▸ What the exercise asks
What is needed here is an exact repetition of the records below, beginning at the line that has "#62=FACE_BOUND('',#61,.T.);" and stopping after the line that has "#71=DIRECTION('',(1.,0.,0.));".

Data for this task Block Start

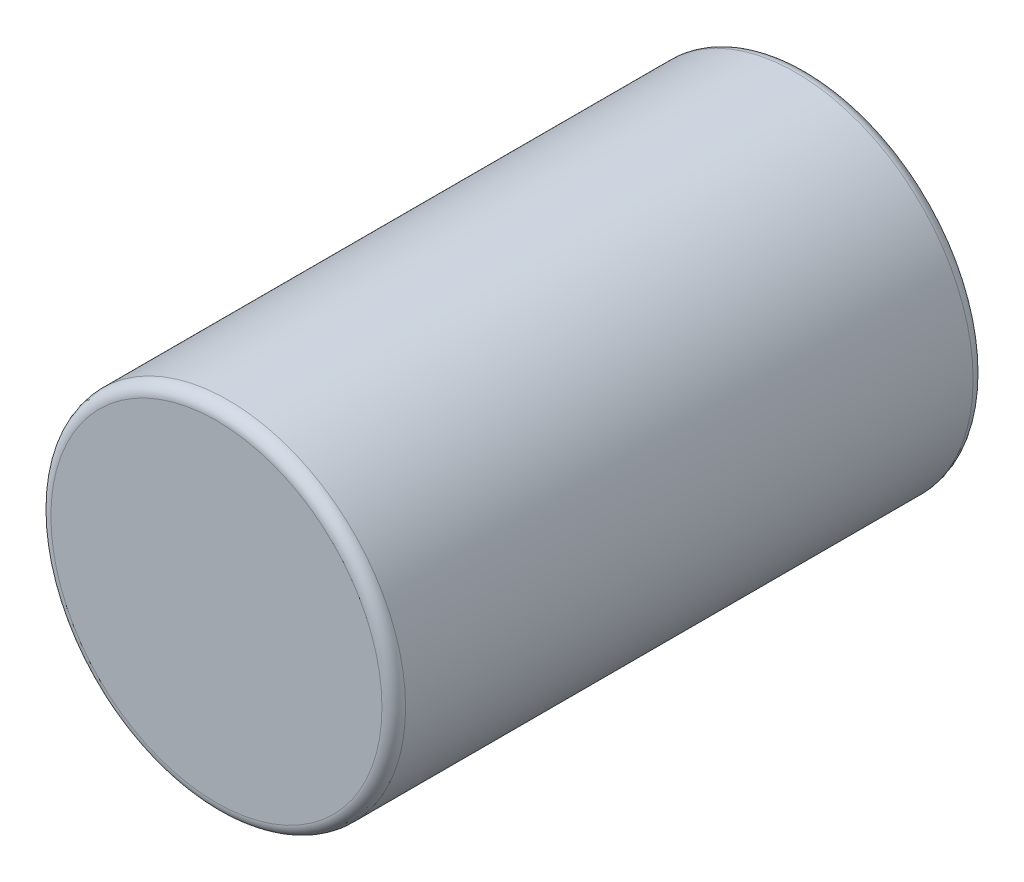
ISO-10303-21;
HEADER;
FILE_DESCRIPTION(('STEP AP214'),'2;1');
FILE_NAME('part.step','',(''),(''),'','','');
FILE_SCHEMA(('AUTOMOTIVE_DESIGN { 1 0 10303 214 1 1 1 1 }'));
ENDSEC;
DATA;
#1=APPLICATION_CONTEXT('core data for automotive mechanical design processes');
#2=APPLICATION_PROTOCOL_DEFINITION('international standard','automotive_design',2000,#1);
#3=PRODUCT_CONTEXT('',#1,'mechanical');
#4=PRODUCT('Part','Part','',(#3));
#5=PRODUCT_RELATED_PRODUCT_CATEGORY('part','',(#4));
#6=PRODUCT_DEFINITION_FORMATION('','',#4);
#7=PRODUCT_DEFINITION_CONTEXT('part definition',#1,'design');
#8=PRODUCT_DEFINITION('design','',#6,#7);
#9=PRODUCT_DEFINITION_SHAPE('','',#8);
#10=(LENGTH_UNIT() NAMED_UNIT(*) SI_UNIT(.MILLI.,.METRE.));
#11=(NAMED_UNIT(*) PLANE_ANGLE_UNIT() SI_UNIT($,.RADIAN.));
#12=(NAMED_UNIT(*) SI_UNIT($,.STERADIAN.) SOLID_ANGLE_UNIT());
#13=UNCERTAINTY_MEASURE_WITH_UNIT(LENGTH_MEASURE(1.E-05),#10,'distance_accuracy_value','');
#14=(GEOMETRIC_REPRESENTATION_CONTEXT(3) GLOBAL_UNCERTAINTY_ASSIGNED_CONTEXT((#13)) GLOBAL_UNIT_ASSIGNED_CONTEXT((#10,
#11,#12)) REPRESENTATION_CONTEXT('',''));
#15=CARTESIAN_POINT('',(0.,0.,0.));
#16=DIRECTION('',(0.,0.,1.));
#17=DIRECTION('',(1.,0.,0.));
#18=AXIS2_PLACEMENT_3D('',#15,#16,#17);
#19=CARTESIAN_POINT('',(0.,0.,10.));
#20=DIRECTION('',(0.,0.,-1.));
#21=DIRECTION('',(-1.,0.,0.));
#22=AXIS2_PLACEMENT_3D('',#19,#20,#21);
#23=CYLINDRICAL_SURFACE('',#22,3.);
#24=CARTESIAN_POINT('',(0.,0.,0.200000000000001));
#25=DIRECTION('',(0.,0.,1.));
#26=DIRECTION('',(1.,0.,0.));
#27=AXIS2_PLACEMENT_3D('',#24,#25,#26);
#28=CIRCLE('',#27,3.);
#29=CARTESIAN_POINT('',(3.,0.,0.200000000000001));
#30=VERTEX_POINT('',#29);
#31=EDGE_CURVE('E50',#30,#30,#28,.T.);
#32=ORIENTED_EDGE('',*,*,#31,.T.);
#33=EDGE_LOOP('',(#32));
#34=FACE_BOUND('',#33,.T.);
#35=CARTESIAN_POINT('',(0.,0.,9.8));
#36=DIRECTION('',(0.,0.,1.));
#37=DIRECTION('',(1.,0.,0.));
#38=AXIS2_PLACEMENT_3D('',#35,#36,#37);
#39=CIRCLE('',#38,3.);
#40=CARTESIAN_POINT('',(3.,0.,9.8));
#41=VERTEX_POINT('',#40);
#42=EDGE_CURVE('E55',#41,#41,#39,.F.);
#43=ORIENTED_EDGE('',*,*,#42,.T.);
#44=EDGE_LOOP('',(#43));
#45=FACE_BOUND('',#44,.T.);
#46=ADVANCED_FACE('F37',(#34,#45),#23,.T.);
#47=CARTESIAN_POINT('',(0.,0.,10.));
#48=DIRECTION('',(0.,0.,1.));
#49=DIRECTION('',(1.,0.,0.));
#50=AXIS2_PLACEMENT_3D('',#47,#48,#49);
#51=PLANE('',#50);
#52=CARTESIAN_POINT('',(0.,0.,10.));
#53=DIRECTION('',(0.,0.,1.));
#54=DIRECTION('',(1.,0.,0.));
#55=AXIS2_PLACEMENT_3D('',#52,#53,#54);
#56=CIRCLE('',#55,2.8);
#57=CARTESIAN_POINT('',(2.8,0.,10.));
#58=VERTEX_POINT('',#57);
#59=EDGE_CURVE('E10',#58,#58,#56,.T.);
#60=ORIENTED_EDGE('',*,*,#59,.T.);
#61=EDGE_LOOP('',(#60));
#62=FACE_BOUND('',#61,.T.);
#63=ADVANCED_FACE('F72',(#62),#51,.T.);
#64=CARTESIAN_POINT('',(0.,0.,0.));
#65=DIRECTION('',(0.,0.,1.));
#66=DIRECTION('',(1.,0.,0.));
#67=AXIS2_PLACEMENT_3D('',#64,#65,#66);
#68=PLANE('',#67);
#69=CARTESIAN_POINT('',(0.,0.,0.));
#70=DIRECTION('',(0.,0.,1.));
#71=DIRECTION('',(1.,0.,0.));
#72=AXIS2_PLACEMENT_3D('',#69,#70,#71);
#73=CIRCLE('',#72,2.8);
#74=CARTESIAN_POINT('',(2.8,0.,0.));
#75=VERTEX_POINT('',#74);
#76=EDGE_CURVE('E45',#75,#75,#73,.F.);
#77=ORIENTED_EDGE('',*,*,#76,.T.);
#78=EDGE_LOOP('',(#77));
#79=FACE_BOUND('',#78,.T.);
#80=ADVANCED_FACE('F69',(#79),#68,.F.);
#81=CARTESIAN_POINT('',(0.,0.,0.200000000000001));
#82=DIRECTION('',(0.,0.,1.));
#83=DIRECTION('',(1.,0.,0.));
#84=AXIS2_PLACEMENT_3D('',#81,#82,#83);
#85=TOROIDAL_SURFACE('',#84,2.8,0.2);
#86=ORIENTED_EDGE('',*,*,#76,.F.);
#87=EDGE_LOOP('',(#86));
#88=FACE_BOUND('',#87,.T.);
#89=ORIENTED_EDGE('',*,*,#31,.F.);
#90=EDGE_LOOP('',(#89));
#91=FACE_BOUND('',#90,.T.);
#92=ADVANCED_FACE('F65',(#88,#91),#85,.T.);
#93=CARTESIAN_POINT('',(0.,0.,9.8));
#94=DIRECTION('',(0.,0.,1.));
#95=DIRECTION('',(1.,0.,0.));
#96=AXIS2_PLACEMENT_3D('',#93,#94,#95);
#97=TOROIDAL_SURFACE('',#96,2.8,0.2);
#98=ORIENTED_EDGE('',*,*,#42,.F.);
#99=EDGE_LOOP('',(#98));
#100=FACE_BOUND('',#99,.T.);
#101=ORIENTED_EDGE('',*,*,#59,.F.);
#102=EDGE_LOOP('',(#101));
#103=FACE_BOUND('',#102,.T.);
#104=ADVANCED_FACE('F39',(#100,#103),#97,.T.);
#105=CLOSED_SHELL('',(#46,#63,#80,#92,#104));
#106=MANIFOLD_SOLID_BREP('B2',#105);
#107=ADVANCED_BREP_SHAPE_REPRESENTATION('',(#18,#106),#14);
#108=SHAPE_DEFINITION_REPRESENTATION(#9,#107);
ENDSEC;
END-ISO-10303-21;

Data for this task Block End

▸ Task output
#62=FACE_BOUND('',#61,.T.);
#63=ADVANCED_FACE('F72',(#62),#51,.T.);
#64=CARTESIAN_POINT('',(0.,0.,0.));
#65=DIRECTION('',(0.,0.,1.));
#66=DIRECTION('',(1.,0.,0.));
#67=AXIS2_PLACEMENT_3D('',#64,#65,#66);
#68=PLANE('',#67);
#69=CARTESIAN_POINT('',(0.,0.,0.));
#70=DIRECTION('',(0.,0.,1.));
#71=DIRECTION('',(1.,0.,0.));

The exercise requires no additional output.